Instructions to follow — Your answer is the lines below, exactly, from the one that contains "line L14 (-5.8039, 1.4351)" through the one that contains "line L29 (4.3561, 2.5273)", both included.

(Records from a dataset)
-------

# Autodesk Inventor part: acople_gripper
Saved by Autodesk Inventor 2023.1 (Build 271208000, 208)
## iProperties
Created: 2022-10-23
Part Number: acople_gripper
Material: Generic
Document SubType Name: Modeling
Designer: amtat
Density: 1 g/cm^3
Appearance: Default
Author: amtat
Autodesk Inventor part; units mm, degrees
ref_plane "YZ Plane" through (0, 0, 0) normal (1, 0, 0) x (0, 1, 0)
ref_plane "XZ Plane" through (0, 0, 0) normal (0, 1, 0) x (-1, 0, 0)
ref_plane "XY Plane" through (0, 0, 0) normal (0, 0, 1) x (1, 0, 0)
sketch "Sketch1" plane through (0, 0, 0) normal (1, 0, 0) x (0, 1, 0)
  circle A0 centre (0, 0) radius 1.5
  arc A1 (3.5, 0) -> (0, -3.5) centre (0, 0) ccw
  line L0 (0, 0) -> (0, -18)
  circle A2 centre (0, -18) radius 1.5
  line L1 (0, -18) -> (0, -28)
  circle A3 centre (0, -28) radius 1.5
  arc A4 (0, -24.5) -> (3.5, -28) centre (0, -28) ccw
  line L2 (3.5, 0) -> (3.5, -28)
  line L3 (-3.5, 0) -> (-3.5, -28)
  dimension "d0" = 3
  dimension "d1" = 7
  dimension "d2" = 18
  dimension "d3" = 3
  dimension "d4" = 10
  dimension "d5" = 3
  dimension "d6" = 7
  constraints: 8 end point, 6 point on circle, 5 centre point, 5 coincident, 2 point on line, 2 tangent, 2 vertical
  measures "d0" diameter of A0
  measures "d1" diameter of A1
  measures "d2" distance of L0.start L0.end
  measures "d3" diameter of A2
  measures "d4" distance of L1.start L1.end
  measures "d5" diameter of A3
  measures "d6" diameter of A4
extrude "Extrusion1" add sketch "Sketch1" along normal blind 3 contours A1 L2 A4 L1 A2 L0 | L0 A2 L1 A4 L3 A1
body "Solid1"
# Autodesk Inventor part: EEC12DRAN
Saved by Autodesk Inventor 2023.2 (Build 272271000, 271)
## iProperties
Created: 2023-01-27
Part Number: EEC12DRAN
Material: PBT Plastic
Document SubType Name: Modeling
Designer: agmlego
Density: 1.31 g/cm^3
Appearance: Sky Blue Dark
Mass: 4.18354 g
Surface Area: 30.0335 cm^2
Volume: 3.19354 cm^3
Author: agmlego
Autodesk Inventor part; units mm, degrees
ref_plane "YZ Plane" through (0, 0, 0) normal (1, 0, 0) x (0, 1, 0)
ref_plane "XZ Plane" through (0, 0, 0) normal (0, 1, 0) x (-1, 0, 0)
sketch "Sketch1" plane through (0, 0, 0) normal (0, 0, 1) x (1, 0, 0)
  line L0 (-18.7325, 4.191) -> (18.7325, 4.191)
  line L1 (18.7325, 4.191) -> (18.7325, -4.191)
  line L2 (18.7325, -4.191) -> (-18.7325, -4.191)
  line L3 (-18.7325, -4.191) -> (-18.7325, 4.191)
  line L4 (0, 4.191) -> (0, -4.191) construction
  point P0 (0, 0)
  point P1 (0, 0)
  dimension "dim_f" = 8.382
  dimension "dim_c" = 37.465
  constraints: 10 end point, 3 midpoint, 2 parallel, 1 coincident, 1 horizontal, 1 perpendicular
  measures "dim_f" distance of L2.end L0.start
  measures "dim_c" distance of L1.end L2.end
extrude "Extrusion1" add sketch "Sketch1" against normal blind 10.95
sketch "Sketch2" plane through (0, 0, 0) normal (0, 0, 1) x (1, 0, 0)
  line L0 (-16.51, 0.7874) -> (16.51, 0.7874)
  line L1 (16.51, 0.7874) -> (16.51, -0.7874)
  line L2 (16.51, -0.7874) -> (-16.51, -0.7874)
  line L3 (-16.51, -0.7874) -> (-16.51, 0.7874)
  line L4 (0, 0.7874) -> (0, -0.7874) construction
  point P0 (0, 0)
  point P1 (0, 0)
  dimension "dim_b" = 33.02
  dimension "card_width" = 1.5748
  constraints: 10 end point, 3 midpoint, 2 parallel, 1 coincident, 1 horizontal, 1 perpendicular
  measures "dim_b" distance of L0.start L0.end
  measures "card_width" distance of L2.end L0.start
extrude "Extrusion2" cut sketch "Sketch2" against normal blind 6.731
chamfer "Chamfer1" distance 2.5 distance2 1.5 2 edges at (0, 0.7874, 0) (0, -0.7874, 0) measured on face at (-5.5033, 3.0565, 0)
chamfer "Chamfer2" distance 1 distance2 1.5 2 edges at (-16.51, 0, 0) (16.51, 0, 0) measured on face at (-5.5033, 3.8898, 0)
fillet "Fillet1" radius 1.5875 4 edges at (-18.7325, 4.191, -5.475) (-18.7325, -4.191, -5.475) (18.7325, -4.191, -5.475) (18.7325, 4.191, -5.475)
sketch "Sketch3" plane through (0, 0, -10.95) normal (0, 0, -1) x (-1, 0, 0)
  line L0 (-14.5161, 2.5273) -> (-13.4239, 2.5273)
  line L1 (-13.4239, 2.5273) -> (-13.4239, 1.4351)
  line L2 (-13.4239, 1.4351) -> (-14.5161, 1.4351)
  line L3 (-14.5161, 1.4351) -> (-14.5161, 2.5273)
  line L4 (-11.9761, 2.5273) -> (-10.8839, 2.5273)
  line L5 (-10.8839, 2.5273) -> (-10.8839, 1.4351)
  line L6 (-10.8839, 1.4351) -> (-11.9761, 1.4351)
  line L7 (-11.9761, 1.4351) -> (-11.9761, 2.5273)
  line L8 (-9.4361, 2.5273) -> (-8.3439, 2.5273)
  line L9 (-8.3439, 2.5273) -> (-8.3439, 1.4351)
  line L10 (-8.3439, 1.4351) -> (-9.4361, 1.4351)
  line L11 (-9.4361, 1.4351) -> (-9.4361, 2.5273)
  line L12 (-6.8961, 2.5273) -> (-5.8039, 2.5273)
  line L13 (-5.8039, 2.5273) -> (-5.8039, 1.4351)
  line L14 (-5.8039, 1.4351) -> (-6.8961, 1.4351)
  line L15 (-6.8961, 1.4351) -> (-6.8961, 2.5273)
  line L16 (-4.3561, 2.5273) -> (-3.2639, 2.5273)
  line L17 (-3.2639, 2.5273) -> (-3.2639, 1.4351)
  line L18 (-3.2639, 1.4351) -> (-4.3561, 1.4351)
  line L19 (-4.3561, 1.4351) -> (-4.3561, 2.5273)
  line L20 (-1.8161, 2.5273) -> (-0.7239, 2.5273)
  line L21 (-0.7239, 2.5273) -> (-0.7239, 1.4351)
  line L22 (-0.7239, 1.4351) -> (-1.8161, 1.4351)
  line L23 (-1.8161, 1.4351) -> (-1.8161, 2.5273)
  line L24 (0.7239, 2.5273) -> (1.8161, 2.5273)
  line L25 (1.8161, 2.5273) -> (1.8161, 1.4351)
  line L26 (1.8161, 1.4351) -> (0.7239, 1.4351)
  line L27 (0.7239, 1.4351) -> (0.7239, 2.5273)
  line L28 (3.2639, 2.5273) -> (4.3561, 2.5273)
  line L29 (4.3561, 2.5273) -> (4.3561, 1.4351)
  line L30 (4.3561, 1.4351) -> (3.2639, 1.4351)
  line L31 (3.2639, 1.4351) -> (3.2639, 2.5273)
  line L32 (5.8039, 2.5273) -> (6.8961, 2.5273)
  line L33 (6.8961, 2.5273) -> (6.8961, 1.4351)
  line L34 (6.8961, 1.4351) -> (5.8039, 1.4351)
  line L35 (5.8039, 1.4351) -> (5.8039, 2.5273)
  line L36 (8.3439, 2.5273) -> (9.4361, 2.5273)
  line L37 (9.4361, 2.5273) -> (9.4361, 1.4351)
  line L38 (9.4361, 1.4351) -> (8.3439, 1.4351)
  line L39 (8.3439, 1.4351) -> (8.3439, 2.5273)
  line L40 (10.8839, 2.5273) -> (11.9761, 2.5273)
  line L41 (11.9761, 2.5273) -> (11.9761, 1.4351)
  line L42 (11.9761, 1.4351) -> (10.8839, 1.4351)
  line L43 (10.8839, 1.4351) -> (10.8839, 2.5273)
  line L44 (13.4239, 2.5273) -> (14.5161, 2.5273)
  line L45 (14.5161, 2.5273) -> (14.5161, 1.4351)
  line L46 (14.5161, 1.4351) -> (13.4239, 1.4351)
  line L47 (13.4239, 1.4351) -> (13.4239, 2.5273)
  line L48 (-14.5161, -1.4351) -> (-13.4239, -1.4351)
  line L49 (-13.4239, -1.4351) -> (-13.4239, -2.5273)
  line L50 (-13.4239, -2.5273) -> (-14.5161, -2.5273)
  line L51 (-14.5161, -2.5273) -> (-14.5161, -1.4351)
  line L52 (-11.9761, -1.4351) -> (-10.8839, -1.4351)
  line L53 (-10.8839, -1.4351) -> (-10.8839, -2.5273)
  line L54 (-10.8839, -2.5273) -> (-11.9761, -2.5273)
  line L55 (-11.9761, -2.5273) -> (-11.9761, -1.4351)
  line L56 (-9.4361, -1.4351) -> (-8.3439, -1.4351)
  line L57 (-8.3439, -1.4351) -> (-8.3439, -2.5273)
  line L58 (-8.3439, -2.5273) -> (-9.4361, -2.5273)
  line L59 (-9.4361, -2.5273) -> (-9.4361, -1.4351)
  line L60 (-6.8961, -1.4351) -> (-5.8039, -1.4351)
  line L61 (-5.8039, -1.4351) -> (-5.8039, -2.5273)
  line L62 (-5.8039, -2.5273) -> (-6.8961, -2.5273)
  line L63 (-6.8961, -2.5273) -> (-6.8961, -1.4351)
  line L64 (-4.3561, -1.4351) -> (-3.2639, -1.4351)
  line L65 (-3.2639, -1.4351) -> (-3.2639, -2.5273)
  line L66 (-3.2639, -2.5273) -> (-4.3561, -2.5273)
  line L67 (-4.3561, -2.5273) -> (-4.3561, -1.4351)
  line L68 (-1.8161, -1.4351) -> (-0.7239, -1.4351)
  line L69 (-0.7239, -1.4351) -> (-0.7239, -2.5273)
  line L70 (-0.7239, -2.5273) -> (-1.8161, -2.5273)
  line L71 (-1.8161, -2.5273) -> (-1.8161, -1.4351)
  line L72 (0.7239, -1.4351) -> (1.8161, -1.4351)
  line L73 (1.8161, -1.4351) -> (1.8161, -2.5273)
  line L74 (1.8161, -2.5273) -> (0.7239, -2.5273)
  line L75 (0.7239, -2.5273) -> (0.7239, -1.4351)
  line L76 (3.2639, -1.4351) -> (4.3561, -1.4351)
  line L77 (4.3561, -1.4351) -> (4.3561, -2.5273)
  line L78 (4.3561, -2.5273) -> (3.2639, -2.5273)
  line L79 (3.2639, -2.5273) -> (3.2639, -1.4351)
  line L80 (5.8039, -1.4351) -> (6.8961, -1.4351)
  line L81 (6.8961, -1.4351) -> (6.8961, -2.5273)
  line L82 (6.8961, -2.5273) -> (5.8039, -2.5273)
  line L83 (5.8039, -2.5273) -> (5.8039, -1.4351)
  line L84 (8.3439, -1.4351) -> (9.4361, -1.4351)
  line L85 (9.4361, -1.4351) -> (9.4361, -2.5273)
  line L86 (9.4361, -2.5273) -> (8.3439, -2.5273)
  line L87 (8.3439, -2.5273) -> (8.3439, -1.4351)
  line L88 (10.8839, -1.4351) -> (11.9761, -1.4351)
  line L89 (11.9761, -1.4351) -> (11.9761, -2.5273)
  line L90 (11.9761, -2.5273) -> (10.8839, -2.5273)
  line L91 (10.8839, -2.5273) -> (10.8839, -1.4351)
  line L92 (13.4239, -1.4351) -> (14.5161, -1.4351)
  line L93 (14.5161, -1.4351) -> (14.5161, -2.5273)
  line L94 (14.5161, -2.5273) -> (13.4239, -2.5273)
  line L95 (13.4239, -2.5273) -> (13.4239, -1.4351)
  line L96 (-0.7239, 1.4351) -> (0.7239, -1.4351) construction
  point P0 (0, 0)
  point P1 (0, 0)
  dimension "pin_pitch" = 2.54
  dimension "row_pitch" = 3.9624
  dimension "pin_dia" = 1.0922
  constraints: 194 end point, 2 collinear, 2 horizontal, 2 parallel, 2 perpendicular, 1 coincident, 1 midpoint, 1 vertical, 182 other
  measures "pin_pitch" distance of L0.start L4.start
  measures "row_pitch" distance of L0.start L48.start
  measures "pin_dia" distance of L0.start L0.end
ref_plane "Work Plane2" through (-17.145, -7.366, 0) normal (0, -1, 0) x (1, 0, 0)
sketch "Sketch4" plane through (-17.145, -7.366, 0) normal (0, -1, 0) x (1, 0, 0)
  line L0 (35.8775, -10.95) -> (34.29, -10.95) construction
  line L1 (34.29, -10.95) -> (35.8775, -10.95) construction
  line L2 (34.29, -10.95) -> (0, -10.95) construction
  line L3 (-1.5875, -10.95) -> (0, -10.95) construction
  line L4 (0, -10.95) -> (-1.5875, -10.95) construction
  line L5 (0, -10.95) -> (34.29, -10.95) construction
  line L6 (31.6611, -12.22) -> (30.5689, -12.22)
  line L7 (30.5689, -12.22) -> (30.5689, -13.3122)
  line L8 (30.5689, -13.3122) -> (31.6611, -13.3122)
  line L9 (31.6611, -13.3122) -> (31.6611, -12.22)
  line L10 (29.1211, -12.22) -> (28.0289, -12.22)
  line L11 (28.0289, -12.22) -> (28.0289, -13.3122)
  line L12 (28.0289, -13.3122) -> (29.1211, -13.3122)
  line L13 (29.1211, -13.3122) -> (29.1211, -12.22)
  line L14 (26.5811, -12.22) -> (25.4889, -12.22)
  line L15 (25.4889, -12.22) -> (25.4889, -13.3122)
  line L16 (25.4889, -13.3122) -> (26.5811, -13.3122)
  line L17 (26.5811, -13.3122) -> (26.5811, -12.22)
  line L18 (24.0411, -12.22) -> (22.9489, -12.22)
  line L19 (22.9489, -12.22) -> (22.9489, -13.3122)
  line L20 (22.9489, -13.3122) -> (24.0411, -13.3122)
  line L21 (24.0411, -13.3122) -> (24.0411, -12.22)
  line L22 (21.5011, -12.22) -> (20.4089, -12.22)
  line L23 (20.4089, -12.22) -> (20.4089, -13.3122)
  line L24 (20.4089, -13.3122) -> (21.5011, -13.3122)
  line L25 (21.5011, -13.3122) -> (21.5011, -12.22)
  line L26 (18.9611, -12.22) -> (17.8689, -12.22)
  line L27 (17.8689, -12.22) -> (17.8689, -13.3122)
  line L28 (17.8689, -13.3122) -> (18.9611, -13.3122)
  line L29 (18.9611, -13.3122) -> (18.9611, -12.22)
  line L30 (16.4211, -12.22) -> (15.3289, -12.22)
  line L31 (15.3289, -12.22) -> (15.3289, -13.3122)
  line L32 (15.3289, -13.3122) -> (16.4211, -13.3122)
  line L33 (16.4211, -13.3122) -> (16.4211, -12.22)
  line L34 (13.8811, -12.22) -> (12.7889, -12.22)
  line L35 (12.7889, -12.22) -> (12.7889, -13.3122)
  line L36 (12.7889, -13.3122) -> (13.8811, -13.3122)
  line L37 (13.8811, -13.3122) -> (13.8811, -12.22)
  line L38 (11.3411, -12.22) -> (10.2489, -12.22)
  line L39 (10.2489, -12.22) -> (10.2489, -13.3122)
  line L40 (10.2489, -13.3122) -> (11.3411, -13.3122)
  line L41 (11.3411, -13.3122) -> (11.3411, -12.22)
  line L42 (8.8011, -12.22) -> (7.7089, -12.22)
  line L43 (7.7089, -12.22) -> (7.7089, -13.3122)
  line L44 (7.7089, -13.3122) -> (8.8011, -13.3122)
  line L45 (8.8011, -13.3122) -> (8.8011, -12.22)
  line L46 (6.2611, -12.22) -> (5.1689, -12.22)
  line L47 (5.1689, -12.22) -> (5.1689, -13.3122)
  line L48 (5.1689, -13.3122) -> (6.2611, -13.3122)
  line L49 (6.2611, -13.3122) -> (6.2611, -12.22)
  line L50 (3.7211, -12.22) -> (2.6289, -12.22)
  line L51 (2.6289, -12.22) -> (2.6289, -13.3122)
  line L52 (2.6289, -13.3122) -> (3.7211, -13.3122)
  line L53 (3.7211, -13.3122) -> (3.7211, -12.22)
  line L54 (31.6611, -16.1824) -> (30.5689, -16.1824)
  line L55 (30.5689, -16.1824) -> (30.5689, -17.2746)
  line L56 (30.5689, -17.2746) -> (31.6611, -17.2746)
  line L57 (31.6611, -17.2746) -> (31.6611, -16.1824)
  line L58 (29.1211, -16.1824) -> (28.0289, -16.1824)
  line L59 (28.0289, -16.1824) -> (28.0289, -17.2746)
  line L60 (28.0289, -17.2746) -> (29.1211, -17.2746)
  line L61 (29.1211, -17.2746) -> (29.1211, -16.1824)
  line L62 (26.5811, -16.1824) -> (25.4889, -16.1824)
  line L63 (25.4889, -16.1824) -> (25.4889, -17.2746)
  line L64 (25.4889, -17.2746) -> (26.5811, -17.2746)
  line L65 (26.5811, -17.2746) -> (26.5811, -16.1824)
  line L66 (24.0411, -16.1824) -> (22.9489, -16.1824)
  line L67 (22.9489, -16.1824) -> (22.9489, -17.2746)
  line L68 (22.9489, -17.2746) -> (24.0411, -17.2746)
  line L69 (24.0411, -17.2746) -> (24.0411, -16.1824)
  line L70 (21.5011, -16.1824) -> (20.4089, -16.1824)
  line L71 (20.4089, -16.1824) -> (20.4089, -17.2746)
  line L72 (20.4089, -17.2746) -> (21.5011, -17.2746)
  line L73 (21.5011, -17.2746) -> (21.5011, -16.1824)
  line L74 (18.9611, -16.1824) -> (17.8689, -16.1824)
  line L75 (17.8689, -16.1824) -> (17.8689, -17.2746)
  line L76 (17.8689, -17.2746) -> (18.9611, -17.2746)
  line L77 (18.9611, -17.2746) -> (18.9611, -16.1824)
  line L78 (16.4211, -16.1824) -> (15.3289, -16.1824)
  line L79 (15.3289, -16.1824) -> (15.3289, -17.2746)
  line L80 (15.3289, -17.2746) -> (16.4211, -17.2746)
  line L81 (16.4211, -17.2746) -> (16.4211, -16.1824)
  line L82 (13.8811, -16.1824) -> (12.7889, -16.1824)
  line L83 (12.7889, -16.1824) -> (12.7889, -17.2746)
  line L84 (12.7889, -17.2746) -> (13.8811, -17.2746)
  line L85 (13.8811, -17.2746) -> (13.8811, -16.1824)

-------

Exercise solution —
  line L14 (-5.8039, 1.4351) -> (-6.8961, 1.4351)
  line L15 (-6.8961, 1.4351) -> (-6.8961, 2.5273)
  line L16 (-4.3561, 2.5273) -> (-3.2639, 2.5273)
  line L17 (-3.2639, 2.5273) -> (-3.2639, 1.4351)
  line L18 (-3.2639, 1.4351) -> (-4.3561, 1.4351)
  line L19 (-4.3561, 1.4351) -> (-4.3561, 2.5273)
  line L20 (-1.8161, 2.5273) -> (-0.7239, 2.5273)
  line L21 (-0.7239, 2.5273) -> (-0.7239, 1.4351)
  line L22 (-0.7239, 1.4351) -> (-1.8161, 1.4351)
  line L23 (-1.8161, 1.4351) -> (-1.8161, 2.5273)
  line L24 (0.7239, 2.5273) -> (1.8161, 2.5273)
  line L25 (1.8161, 2.5273) -> (1.8161, 1.4351)
  line L26 (1.8161, 1.4351) -> (0.7239, 1.4351)
  line L27 (0.7239, 1.4351) -> (0.7239, 2.5273)
  line L28 (3.2639, 2.5273) -> (4.3561, 2.5273)
  line L29 (4.3561, 2.5273) -> (4.3561, 1.4351)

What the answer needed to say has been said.